Dicen que no convocaron a Miguel Ángel Mancera porque no es perredista y que su reunión no tenía ninguna mala intención hacia su dirigente nacional, Alejandra Barrales Magdaleno. ¡Ah!, pero hablaron de sucesión presidencial… de la República y del Partido de la Revolución Democrática. O sea.
¿Quieren cerrar el paso al jefe de Gobierno de la Ciudad de México e imponer al sucesor o sucesora de Barrales? ¿Pretenden desactivar la dupla que se encamina para buscar la nominación perredista a la presidencia de la República?
¡Caray! Y luego se incomodan y lo que le sigue cuando se infiere en el sentido más elemental de lo que quisieron decir con lo que demostraron pero no admiten porque piensan que son menores de edad quienes leen y escuchan sus declaraciones.
Reitero: cuando un ave tiene pico de pato, plumas de pato y camina como pato, no cabe duda de que es un pato.
Y es que, mire usted. Ayer se reunieron los gobernadores de Michoacán, Silvano Aureoles Conejo; de Morelos, Graco Ramírez; de Tabasco, Arturo Núñez Jiménez, y de Quintana Roo, Carlos Joaquín, quien por cierto no es perredista y desde ahí procede la interrogante respecto de ese purismo perredista de Silvano, Graco y Arturo.
El cuarteto demandó “piso parejo” –frase acuñada por Josefina Vázquez Mota– en el proceso de elección de la dirigencia nacional del PRD, es decir, de Barrales Magdaleno y su equipo, por lo menos el más cercano y que está identificado con Miguel Ángel Mancera, a quien dicen no haber invitado porque no es del PRD, aunque ganó la elección de jefe de Gobierno de la Ciudad de México abanderado por ese partido.

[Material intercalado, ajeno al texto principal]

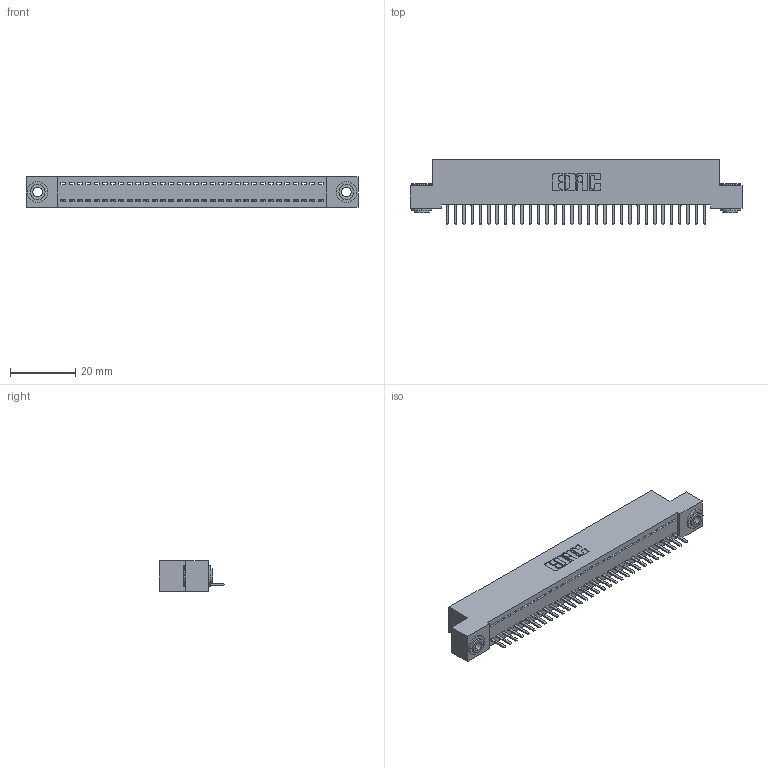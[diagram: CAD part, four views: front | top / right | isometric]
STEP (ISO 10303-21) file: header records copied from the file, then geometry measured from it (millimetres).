
FILE_DESCRIPTION (( 'STEP AP203' ), '1' );
FILE_NAME ('342-032-520-103.STEP', '2019-10-02T06:02:00', ( '' ), ( '' ), 'SwSTEP 2.0', 'SolidWorks 2016', '' );
FILE_SCHEMA (( 'CONFIG_CONTROL_DESIGN' ));
Length unit declared in the file: inch
Products named in the file (4): 342 Part_.156 TH; 345-292-001_345-293-120; 342-250-002_345-250-002-102; 342-032-520-103
Assembly tree (35 placements, depth 2):
  342-032-520-103
    342 Part_.156 TH
    345-292-001_345-293-120  x32
    342-250-002_345-250-002-102  x2
Bounding box: 101.6 x 20.02 x 9.4 mm (x, y, z)
Volume: 8802.2 mm3; surface area: 12670.7 mm2
Topology: 35 solids, 35 shells, 2132 faces, 6263 edges, 4086 vertices
Faces by surface type: plane 1484, cylinder 640, cone 8
Entity records: 21488 total; most frequent: CARTESIAN_POINT 3697, ORIENTED_EDGE 3646, DIRECTION 3161, EDGE_CURVE 1823, VECTOR 1667, LINE 1667, VERTEX_POINT 1210, AXIS2_PLACEMENT_3D 747

¿Entonces? ¡Ah!, los gobernadores dijeron que su postura no tiene dedicatoria para nadie. ¿Cuál es el papel de Carlos Joaquín en ese grupo? ¿Alguno de ellos tiene en su futuro la pretensión de dirigir al PRD?
Blofean. Dice Graco Ramírez que la intención es que el PRD salga unido en el relevo de la dirigencia nacional el año entrante porque, aduce, se requiere un partido fuerte para enfrentar la sucesión presidencial. ¿Y quién de ellos habrá de ser el abanderado?
Y exigen unidad al interior del partido, transparencia y piso parejo para todos en dicho proceso. ¿Cómo para quién?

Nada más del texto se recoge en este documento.